I've added parenthesis around these for clarity, however you don't have to. The a->b->c chain can be duplicated at will by the run-time, and linked to match the number of input ports and output ports available on the reader and writer ports. Of course, will all these methods, an exception will be thrown if the number of ports on (using the example as a reference) the reader and writer don't match or if there are any types that are incompatible.

You can also do orderings like this:

/** fake names used for brevity **/
randgen gaussian;
kernel  stoch_function /** 8 input ports **/;
kernel  print;
//make 8 of gaussian, link then to stoc_function, stream to print
raft::map += gaussian >= stoch_function >> print;

You can even go the other direction with 1-N. I've not yet implemented nested split/joins (still might,not). I'm debating the ability for people to read such constructs....might make debugging a bit more difficult. Then again, could make some codes far shorter.

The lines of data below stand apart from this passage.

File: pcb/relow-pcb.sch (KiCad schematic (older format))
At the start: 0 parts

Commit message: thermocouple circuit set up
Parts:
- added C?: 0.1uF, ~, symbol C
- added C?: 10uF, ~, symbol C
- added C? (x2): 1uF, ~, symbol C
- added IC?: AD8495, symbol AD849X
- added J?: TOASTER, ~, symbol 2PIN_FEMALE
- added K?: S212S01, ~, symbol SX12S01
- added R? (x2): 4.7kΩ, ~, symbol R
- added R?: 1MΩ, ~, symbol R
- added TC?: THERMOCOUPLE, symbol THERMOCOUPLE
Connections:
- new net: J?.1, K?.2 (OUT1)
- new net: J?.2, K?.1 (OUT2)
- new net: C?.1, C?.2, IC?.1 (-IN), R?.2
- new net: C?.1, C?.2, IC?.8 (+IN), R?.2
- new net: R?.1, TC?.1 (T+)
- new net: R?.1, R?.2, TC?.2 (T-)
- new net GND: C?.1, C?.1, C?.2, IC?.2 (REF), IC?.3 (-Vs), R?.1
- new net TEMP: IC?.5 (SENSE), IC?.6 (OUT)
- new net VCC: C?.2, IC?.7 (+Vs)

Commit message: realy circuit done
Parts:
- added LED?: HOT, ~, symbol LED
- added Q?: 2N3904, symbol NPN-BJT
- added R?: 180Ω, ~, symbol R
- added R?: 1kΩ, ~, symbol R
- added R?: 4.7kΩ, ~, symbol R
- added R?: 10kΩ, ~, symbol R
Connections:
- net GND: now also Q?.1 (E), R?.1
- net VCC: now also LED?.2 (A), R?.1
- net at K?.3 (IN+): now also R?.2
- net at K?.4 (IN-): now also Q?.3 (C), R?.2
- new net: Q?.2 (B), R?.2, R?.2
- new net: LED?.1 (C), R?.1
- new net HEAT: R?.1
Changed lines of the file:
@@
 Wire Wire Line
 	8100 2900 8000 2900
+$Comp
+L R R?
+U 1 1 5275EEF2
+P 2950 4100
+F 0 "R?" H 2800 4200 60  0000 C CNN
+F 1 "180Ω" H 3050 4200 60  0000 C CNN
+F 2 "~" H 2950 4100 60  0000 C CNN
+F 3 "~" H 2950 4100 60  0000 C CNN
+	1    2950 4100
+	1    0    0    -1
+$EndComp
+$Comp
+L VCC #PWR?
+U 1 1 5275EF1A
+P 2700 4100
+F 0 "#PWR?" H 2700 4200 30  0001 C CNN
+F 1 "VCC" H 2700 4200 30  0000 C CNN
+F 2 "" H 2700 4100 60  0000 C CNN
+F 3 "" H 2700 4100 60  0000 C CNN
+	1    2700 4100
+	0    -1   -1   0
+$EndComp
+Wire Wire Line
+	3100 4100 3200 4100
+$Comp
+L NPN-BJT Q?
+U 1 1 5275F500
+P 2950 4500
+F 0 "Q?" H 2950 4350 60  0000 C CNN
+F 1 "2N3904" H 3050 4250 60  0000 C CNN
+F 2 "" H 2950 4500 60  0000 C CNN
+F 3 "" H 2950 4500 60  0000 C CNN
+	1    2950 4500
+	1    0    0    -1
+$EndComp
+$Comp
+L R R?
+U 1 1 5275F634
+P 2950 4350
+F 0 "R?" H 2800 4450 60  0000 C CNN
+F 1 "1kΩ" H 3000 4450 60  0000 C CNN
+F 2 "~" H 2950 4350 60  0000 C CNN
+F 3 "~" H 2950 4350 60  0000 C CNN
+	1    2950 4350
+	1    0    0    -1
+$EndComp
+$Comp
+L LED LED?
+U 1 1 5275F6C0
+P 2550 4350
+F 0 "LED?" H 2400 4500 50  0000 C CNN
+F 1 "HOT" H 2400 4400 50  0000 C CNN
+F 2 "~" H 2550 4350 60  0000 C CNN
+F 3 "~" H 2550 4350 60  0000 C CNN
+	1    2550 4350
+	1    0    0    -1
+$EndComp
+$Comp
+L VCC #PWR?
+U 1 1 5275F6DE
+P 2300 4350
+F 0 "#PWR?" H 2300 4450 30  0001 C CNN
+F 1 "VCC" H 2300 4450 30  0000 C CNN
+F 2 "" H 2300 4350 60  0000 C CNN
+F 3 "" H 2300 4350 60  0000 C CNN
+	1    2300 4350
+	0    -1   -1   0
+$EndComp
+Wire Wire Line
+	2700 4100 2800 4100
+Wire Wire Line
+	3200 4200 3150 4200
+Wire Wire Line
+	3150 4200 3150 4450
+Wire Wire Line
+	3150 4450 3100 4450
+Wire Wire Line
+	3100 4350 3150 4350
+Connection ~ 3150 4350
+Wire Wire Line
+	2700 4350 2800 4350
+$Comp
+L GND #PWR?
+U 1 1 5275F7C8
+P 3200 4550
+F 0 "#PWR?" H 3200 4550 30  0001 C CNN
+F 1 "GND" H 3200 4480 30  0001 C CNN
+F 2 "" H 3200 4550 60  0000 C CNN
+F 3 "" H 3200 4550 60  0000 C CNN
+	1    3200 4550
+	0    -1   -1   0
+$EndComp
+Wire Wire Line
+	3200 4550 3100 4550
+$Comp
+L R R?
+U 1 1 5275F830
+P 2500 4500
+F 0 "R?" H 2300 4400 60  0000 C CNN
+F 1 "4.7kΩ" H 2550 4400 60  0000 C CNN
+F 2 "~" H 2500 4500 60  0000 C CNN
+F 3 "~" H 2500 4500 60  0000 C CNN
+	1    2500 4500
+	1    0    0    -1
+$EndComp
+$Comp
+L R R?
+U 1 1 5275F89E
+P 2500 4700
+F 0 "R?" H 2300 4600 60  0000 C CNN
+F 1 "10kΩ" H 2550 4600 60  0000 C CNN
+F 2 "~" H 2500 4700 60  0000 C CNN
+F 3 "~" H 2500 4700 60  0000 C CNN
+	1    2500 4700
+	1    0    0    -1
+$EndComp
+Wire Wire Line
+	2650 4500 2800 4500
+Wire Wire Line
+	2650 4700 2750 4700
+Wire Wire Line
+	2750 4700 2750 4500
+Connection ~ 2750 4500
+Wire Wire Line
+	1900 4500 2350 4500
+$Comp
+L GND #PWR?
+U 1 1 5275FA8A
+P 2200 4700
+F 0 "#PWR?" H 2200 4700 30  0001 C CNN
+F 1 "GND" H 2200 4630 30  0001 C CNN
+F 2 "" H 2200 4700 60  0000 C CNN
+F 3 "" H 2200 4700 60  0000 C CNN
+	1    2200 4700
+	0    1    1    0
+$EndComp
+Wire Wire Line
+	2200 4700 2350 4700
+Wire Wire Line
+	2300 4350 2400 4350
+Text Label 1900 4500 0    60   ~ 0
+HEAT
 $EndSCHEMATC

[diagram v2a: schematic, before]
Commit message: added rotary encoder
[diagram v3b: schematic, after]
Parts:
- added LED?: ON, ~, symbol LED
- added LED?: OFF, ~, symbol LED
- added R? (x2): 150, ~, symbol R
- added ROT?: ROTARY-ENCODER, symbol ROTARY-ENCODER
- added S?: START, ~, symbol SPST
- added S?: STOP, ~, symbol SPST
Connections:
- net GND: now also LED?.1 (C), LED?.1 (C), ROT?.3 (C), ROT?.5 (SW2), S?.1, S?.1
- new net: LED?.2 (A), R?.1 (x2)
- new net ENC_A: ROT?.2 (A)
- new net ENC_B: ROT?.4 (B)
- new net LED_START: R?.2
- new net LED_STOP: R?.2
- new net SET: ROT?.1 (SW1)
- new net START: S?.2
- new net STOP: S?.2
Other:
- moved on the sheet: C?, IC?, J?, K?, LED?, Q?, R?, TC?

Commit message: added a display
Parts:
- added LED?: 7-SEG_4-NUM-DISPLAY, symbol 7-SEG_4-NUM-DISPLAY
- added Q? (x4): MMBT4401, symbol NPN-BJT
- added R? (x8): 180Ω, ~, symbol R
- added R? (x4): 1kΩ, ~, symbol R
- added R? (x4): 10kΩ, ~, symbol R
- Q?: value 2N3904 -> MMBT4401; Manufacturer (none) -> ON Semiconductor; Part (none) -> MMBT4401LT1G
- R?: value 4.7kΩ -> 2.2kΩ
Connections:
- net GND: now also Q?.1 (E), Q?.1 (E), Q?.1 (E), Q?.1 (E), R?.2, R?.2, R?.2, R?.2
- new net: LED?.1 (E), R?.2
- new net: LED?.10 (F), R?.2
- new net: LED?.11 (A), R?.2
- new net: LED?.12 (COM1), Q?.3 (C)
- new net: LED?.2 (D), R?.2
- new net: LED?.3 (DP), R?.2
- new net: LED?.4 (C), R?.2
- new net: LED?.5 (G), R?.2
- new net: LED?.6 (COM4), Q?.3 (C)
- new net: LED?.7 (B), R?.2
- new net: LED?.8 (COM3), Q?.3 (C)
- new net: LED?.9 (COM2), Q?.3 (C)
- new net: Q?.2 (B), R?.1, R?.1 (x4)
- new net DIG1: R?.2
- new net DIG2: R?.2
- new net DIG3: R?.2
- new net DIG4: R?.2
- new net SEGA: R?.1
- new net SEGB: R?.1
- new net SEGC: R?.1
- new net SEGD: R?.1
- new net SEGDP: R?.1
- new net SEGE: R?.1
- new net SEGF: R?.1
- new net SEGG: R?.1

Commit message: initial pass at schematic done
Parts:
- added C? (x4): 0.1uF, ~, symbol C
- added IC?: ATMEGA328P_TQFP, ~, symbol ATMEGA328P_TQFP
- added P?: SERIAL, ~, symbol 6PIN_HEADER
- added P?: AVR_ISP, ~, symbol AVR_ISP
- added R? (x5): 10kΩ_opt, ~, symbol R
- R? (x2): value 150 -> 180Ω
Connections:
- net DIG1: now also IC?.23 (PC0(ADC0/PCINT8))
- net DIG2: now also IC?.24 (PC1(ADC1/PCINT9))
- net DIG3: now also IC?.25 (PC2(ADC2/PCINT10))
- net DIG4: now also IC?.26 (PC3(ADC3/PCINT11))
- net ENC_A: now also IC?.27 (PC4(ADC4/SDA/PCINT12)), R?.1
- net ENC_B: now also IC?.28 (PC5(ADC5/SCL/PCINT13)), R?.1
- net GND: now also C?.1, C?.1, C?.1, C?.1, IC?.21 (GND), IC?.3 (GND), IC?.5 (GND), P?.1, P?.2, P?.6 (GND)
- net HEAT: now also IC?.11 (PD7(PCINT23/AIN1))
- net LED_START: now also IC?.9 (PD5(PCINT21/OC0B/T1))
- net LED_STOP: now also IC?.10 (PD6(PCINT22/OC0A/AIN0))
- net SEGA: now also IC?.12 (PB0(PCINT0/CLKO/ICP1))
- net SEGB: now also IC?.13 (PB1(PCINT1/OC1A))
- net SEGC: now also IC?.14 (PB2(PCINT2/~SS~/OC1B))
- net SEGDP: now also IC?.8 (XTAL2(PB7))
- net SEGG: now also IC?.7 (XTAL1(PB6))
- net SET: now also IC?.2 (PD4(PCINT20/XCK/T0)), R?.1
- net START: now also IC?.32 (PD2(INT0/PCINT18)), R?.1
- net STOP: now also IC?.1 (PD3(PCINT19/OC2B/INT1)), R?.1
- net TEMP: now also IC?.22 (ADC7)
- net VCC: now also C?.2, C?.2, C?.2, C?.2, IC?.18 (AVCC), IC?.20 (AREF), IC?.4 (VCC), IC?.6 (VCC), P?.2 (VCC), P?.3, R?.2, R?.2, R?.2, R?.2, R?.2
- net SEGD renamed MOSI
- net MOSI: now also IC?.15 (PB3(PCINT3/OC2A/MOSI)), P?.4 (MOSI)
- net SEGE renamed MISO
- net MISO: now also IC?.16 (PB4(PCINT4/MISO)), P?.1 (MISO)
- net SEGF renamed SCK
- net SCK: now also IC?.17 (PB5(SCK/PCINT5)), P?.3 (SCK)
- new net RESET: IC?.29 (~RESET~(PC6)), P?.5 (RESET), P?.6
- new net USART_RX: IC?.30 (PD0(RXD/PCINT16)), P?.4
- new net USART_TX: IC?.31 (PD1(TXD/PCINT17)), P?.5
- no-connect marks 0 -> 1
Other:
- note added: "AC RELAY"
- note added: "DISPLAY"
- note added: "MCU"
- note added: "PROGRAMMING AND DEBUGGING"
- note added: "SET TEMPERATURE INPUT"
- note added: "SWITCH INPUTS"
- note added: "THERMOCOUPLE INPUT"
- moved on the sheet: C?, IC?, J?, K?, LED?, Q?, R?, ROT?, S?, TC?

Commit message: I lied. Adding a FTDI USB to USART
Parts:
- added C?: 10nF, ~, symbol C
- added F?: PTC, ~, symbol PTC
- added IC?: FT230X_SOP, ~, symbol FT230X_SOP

NOTE: the raft::order::out currently doesn't work for the stream operator syntax, but will shortly. In the interim the old long form syntax does work. I'll update the docs when this is fixed.

This process is also rather manual (well, at least compared to the run-time parallelization that is available). There is a raft::order::out ordering keyword which tells the run-time that the order doesn't matter for this particular link, here's a more concrete example:

kernel a,b;
raft::map m;
m += a >> raft::order::out >> b;

In this case, the run-time assumes it can't safely do anything yet. I'm working on a nice way to check for open file handles per thread, but currently it seems this wouldn't be safe unless the programmer were very careful, so we need some more user input, or more out of order designators.

kernel a,b,c;
raft::map m;
m += a >> raft::order::out >> b;
m += b >> raft::order::out >> c;

which means that the run-time can duplicate b as much as it wants. If kernels a & c don't implement the parallel_k sub-kernel (meaning that they can handle dynamically adding more ports), the run-time will insert a split kernel after a and before c so that b is now in between two kernels that can handle dynamic port addition and subtraction.